■ Exercise goal
Starting with the first line and ending with the one that holds "Its self-contained STEP", retype the entries exactly.

■ Material supplied
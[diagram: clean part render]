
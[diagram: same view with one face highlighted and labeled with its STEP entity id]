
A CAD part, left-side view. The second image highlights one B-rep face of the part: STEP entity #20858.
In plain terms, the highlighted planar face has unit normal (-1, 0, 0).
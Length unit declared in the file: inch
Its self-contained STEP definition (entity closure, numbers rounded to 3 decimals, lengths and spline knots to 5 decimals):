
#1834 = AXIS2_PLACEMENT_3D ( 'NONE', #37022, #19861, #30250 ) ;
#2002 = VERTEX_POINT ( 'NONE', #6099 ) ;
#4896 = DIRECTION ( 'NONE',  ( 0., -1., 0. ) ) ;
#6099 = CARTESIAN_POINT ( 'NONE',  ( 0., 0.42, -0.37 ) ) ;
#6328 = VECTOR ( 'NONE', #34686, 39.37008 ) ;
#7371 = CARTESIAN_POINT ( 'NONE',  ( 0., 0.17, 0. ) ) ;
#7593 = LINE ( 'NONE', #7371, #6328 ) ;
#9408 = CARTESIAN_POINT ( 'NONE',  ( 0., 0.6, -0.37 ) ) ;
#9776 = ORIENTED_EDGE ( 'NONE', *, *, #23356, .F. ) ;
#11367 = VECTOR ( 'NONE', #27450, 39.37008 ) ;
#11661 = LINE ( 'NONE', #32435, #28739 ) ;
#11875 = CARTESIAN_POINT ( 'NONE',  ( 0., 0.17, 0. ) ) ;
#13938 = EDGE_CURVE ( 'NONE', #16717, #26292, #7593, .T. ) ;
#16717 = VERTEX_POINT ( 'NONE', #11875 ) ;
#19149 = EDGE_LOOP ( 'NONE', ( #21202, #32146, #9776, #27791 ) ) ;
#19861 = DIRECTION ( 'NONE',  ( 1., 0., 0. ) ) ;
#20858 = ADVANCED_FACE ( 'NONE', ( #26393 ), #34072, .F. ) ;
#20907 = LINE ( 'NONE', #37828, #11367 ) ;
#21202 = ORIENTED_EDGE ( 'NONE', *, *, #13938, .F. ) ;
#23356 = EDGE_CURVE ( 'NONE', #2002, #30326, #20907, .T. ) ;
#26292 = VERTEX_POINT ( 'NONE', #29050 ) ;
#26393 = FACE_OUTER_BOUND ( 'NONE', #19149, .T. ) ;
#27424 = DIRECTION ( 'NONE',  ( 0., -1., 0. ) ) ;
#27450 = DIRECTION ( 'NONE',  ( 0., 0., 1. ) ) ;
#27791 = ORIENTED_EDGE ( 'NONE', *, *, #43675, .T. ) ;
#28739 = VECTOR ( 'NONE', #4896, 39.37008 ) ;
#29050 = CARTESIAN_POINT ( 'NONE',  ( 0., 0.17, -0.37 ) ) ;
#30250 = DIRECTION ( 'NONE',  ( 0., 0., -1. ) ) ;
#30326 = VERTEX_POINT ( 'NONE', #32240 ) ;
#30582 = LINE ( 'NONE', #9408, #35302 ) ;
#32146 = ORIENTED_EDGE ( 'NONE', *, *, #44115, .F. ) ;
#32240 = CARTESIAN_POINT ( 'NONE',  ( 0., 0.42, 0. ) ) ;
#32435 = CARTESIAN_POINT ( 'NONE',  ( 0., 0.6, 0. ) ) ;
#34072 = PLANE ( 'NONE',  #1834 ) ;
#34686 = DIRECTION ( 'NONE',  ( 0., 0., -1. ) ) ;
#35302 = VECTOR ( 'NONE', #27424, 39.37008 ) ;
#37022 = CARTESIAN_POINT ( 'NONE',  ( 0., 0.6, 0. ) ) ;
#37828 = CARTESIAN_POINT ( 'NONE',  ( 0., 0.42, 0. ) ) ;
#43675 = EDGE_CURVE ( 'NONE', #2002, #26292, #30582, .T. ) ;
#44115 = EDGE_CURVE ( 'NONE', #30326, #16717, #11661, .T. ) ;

■ Result for this task
[diagram: clean part render]
[diagram: same view with one face highlighted and labeled with its STEP entity id]
A CAD part, left-side view. The second image highlights one B-rep face of the part: STEP entity #20858.
In plain terms, the highlighted planar face has unit normal (-1, 0, 0).
Length unit declared in the file: inch
Its self-contained STEP definition (entity closure, numbers rounded to 3 decimals, lengths and spline knots to 5 decimals):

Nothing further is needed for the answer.